Acute Effects of Oxygen Supplementation Among IPF Patients

Not Applicable

• Conditions: Idiopathic Pulmonary Fibrosis
• Interventions: Drug: Oxygen 40 %; Drug: Medical air (sham O2)

• Registration Number: NCT03688334
• Lead Sponsor: George Papanicolaou Hospital

Brief Summary

Idiopathic pulmonary fibrosis (IPF) is a disease characterised with significant morbidity and poor prognosis. Dyspnoea and impaired exercise capacity are very common manifestations of the disease, and result in significant impairment of patients' quality of life.
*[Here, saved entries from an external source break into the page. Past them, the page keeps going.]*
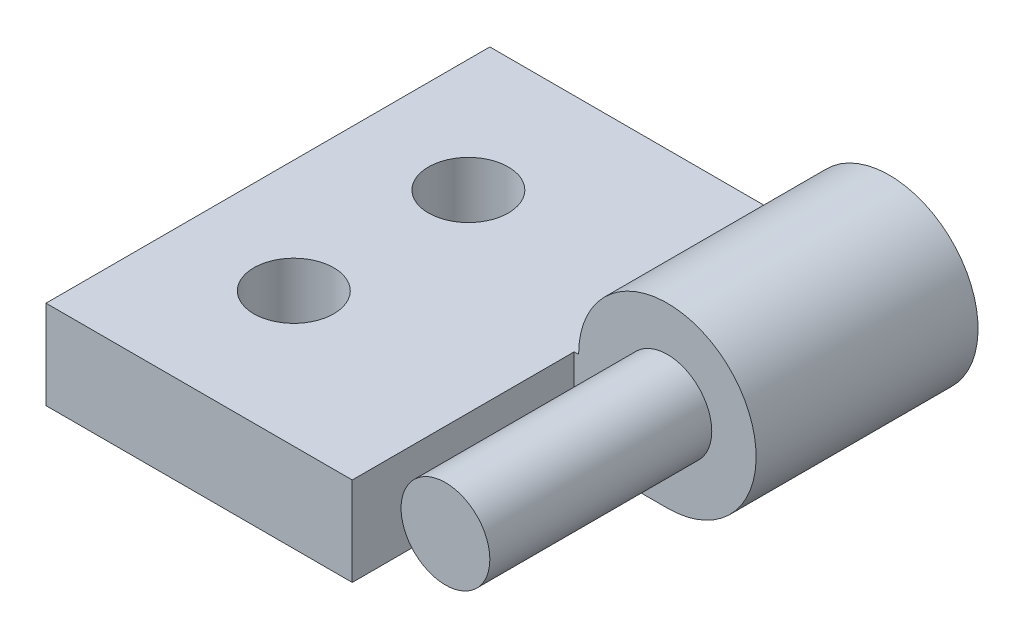
SolidWorks part; units mm, degrees
ref_plane "Front Plane" through (0, 0, 0) normal (0, 0, 1) x (1, 0, 0)
ref_plane "Top Plane" through (0, 0, 0) normal (0, 1, 0) x (1, 0, 0)
ref_plane "Right Plane" through (0, 0, 0) normal (1, 0, 0) x (0, 0, -1)
sketch "Sketch1" plane through (0, 0, 0) normal (0, 0, 1) x (1, 0, 0)
  line L0 (0, 0) -> (0, 5.08)
  line L1 (0, 0) -> (22.86, 0)
  line L5 (0, 5.08) -> (17.78, 5.08)
  arc A0 (22.86, 0) -> (17.78, 5.08) centre (22.86, 5.08) ccw
  point P1 (0, 0)
  dimension "D1" = 10.16
  dimension "D2" = 5.08
  dimension "D3" = 17.78
extrude "Boss-Extrude1" add sketch "Sketch1" along normal blind 25.4
sketch "Sketch2" plane through (0, 0, 25.4) normal (0, 0, 1) x (1, 0, 0)
  line L0 (17.526, 5.08) -> (17.526, 0)
  line L1 (0, 0) -> (22.86, 0) construction
  line L2 (17.526, 0) -> (21.2336, 0)
  arc A0 (21.2336, 0) -> (17.526, 5.08) centre (22.86, 5.08) ccw
  circle A1 centre (22.86, 5.08) radius 2.54
  dimension "D1" = 5.08
  dimension "D2" = 10.668
extrude "Cut-Extrude1" cut sketch "Sketch2" against normal blind 12.7
sketch "Sketch3" plane through (0, 5.08, 0) normal (0, 1, 0) x (1, 0, 0)
  line L0 (6.477, -5.4187) -> (6.477, 0) construction
  line L1 (17.78, 0) -> (0, 0) construction
  line L2 (6.477, -9.9907) -> (6.477, -15.4093) construction
  line L3 (6.477, -19.9813) -> (6.477, -25.4) construction
  line L5 (17.526, -25.4) -> (0, -25.4) construction
  line L6 (17.78, -12.7) -> (17.78, 0) construction
  circle A0 centre (6.477, -7.7047) radius 2.286
  circle A1 centre (6.477, -17.6953) radius 2.286
  point P12 (8.5395, -25.4)
  dimension "D1" = 4.572
  dimension "D2" = 11.303
extrude "Cut-Extrude2" cut sketch "Sketch3" against normal through all

Although hypoxemia is common among subjects with IPF, published data on the effects of supplementary oxygen therapy on specific clinical outcomes among these patients are currently few, while the existing data on the potential benefits of oxygen supplementation to treat exercise-induced hypoxemia, in this patient population, are even more controversial.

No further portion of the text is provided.